Running Out of Time (Have I Told Them Everything?)
My friend had a stroke (she's my age) and I'm not sure if it's that or the fact that it's spring and I've discovered all three of my children can now officially hold their own bubbles without immediately spilling the entire container wholesale, but these grubby, sticky kids are practically in college next year and I'm just wondering--have we told them everything?
Other than that time mommy got pulled over for speeding, my children remember nothing.
What Do They Remember?
They forget everything. If you ask our three-and-a-half-year-old to look for his shoes, he will walk into the next room, stand for a beat, and then walk back and tell us he's hungry. Goldfish literally can hold onto a memory longer.
My husband and I tell my children a lot of things, during the course of a day. Things like: flushthetoiletwashyourhandsstopjumpingonthecouch, stoptouchingthewallgetthatoutofyourmouth, pickupyourshoesfindyourshoeswhereareyourshoesputyourshoesonputyourfootinthisshoenowWHEREAREYOUMOTHEREFFINGSHOES (just kidding on that last one), closethedoorclosethedoorclosethedoor, stopslammingthedooryouregoingtocrushyourbrothersfingers, washyourhairgetoutoftheshoweryouhavetwomoreminutesbeforeIturnthewateroff, noyoucan'tgooutside, noyoucan'twatchanothershow, noyoucan'thavecandy, nonononononononono, hurrynowletsgonowhurryhurryhurryhurry
I figure that if we've told them to FLUSHTHETOILET once, we've told them three hundred times.
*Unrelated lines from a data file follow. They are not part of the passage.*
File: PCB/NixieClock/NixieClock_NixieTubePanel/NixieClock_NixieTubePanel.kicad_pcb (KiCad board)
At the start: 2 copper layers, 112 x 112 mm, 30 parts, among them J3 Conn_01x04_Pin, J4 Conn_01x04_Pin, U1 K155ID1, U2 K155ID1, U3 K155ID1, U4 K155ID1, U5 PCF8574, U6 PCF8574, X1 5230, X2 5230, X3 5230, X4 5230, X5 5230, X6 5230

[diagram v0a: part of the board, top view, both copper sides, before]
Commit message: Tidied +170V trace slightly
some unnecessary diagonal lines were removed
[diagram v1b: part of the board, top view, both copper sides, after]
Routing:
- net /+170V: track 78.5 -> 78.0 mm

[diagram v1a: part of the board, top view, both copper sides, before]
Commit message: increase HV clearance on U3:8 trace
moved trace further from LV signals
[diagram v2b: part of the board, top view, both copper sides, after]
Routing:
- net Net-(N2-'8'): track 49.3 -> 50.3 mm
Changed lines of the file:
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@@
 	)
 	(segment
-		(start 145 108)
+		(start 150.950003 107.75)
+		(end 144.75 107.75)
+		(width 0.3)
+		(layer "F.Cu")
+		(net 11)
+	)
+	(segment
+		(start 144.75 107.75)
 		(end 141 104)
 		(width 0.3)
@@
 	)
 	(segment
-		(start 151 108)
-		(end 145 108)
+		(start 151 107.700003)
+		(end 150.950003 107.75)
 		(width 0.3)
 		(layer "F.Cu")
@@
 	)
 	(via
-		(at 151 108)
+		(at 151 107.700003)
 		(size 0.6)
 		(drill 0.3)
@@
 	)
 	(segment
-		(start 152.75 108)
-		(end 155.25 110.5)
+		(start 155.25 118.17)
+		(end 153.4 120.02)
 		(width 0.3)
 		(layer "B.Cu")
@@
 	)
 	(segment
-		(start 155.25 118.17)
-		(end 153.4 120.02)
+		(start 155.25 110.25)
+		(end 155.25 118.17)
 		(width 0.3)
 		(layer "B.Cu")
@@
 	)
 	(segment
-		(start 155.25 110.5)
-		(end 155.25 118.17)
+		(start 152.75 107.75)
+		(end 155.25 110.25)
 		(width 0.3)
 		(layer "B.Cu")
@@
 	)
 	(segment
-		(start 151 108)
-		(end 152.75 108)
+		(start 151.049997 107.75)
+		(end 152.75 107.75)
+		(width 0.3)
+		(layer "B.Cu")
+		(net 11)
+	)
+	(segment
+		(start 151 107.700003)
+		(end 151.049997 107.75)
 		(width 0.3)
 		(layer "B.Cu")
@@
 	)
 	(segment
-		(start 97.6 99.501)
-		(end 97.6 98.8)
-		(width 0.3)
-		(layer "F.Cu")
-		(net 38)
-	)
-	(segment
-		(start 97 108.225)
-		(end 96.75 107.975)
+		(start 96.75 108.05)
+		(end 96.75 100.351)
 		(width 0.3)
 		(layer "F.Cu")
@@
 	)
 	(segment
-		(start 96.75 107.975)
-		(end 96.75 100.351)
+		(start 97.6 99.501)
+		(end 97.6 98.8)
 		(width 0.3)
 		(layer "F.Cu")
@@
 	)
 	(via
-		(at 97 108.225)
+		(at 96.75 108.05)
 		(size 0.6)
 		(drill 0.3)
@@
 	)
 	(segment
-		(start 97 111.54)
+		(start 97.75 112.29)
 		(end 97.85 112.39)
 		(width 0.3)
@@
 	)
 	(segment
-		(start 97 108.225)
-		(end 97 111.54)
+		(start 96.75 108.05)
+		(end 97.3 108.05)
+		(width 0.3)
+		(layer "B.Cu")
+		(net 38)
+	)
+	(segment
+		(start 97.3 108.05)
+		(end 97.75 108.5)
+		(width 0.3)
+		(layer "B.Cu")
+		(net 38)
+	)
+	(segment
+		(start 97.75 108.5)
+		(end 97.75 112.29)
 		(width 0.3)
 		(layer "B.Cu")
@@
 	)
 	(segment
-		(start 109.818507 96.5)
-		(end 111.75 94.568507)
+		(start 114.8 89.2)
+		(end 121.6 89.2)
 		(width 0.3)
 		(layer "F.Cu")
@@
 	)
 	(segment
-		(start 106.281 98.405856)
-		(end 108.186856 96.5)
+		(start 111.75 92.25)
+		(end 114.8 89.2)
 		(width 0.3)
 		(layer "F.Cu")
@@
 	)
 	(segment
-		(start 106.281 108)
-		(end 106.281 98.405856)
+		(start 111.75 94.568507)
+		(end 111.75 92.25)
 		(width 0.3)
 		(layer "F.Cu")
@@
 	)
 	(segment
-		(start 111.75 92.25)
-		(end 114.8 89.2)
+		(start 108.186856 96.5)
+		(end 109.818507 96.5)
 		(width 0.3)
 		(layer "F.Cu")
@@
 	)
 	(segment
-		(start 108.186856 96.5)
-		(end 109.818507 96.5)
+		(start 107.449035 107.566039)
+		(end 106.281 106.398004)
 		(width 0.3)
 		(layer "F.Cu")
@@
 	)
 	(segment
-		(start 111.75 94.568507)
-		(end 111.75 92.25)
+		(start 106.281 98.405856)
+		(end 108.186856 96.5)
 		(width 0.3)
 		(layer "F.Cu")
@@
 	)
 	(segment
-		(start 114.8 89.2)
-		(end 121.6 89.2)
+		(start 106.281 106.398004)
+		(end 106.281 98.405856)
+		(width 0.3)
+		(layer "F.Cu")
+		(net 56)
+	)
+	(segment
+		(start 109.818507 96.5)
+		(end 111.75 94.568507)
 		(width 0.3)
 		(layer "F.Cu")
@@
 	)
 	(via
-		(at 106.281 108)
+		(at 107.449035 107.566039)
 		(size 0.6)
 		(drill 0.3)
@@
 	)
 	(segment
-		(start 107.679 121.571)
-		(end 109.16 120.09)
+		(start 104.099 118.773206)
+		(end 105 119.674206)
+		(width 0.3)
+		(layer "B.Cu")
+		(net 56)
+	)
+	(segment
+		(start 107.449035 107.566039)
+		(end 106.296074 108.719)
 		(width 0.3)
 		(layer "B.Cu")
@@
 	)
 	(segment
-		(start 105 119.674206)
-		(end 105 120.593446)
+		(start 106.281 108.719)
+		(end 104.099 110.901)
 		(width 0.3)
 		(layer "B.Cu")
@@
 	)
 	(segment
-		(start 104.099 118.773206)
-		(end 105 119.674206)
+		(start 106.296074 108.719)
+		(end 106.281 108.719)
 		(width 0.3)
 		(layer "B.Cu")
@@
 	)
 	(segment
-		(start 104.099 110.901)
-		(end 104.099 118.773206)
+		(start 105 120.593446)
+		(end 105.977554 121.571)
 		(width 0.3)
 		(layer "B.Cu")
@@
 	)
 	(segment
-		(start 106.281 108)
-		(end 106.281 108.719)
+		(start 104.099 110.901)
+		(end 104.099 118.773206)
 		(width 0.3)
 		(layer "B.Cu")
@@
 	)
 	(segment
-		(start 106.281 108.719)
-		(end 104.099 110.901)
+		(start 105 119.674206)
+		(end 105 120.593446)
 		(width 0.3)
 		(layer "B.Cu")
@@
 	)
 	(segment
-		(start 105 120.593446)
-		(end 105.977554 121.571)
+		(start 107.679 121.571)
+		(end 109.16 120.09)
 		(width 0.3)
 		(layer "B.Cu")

Yet, I'ved learned to walk by their bathroom several times a day to flush the toilet because otherwise it never gets flushed.
My route looks like this: bathroom to flush the toilet, kitchen table to PUTTHELIDSBACKONTHEMARKERS, and the living room couch to PUTTHEAPPLECORESINTHETRASH. Repeat. Clearly, we haven't told them to flush the toilet enough. And if three hundred repeated instructions aren't enough for them to remember an eternally inconsequential little flick of the wrist, are we telling them the important things in life often enough?
Are we telling our daughter that she's an Esther who moves the heart of God with her beauty? Are we telling her she's going to be a Rahab with bravery that is clutch?
Are we telling our oldest son that he's a preparer of the way? A healer? A hope-giver?
Are we telling our youngest son that he's a man after God's own heart? A repairer of the breach? A restorer of streets to dwell in?
Are we telling them they are God's glory? Living stones? Kingdom-building, giant-slaying, life-giving children of the day?
Our kids are at that age now when other people are starting to tell them to be kind and to stop running with scissors, so the burden is less on us to make sure they reach adulthood without being run over by a car or dying of some weird flu they picked up when they licked the cart at Walmart. But I don't feel better about this, I feel more anxious.
If you drew up a pie chart and ticked off the percentage of time we spent telling them not to pick their noses and the percentage of time we spent telling them the things that really mattered--I'd just eat the pie.
Mrs. Burke, my son's first grade teacher, has been a teacher a long time, and she can tell my son that his handwriting is getting better and that he cannot go back and get his lunch because he should have remembered it but she cannot tell him that he's gold inside because she doesn't know.
She might think nice things about him and see him in a light that we can't but she doesn't know. We know. We are his parents, and we know. We know he's gold. Nobody knows like we know.
My children are living in this tiny sliver of their lives where their dad and I are the loudest voices in their ears. People tell you if you blink you'll miss it and I haven't slept in the last seven years but I did try to take that one nap that one time and now--the sand is almost gone. My last bite of my sliver is about to get eaten. The curtains are falling.
But We Know
Any ol' (super helpful) stranger can tell our kids to brush their hair before they leave the house, but nobody can tell them how they're world-changers like we can tell them, because when we tell them it becomes true. It's like a prophecy that has to come true because we're their parents and what we say about them comes true. When other people say it, they're agreeing with us or they're agreeing with what they've already seen in our children, but we can say it before it even exists. We speak it into existence for them. Because we know, and nobody knows like we know.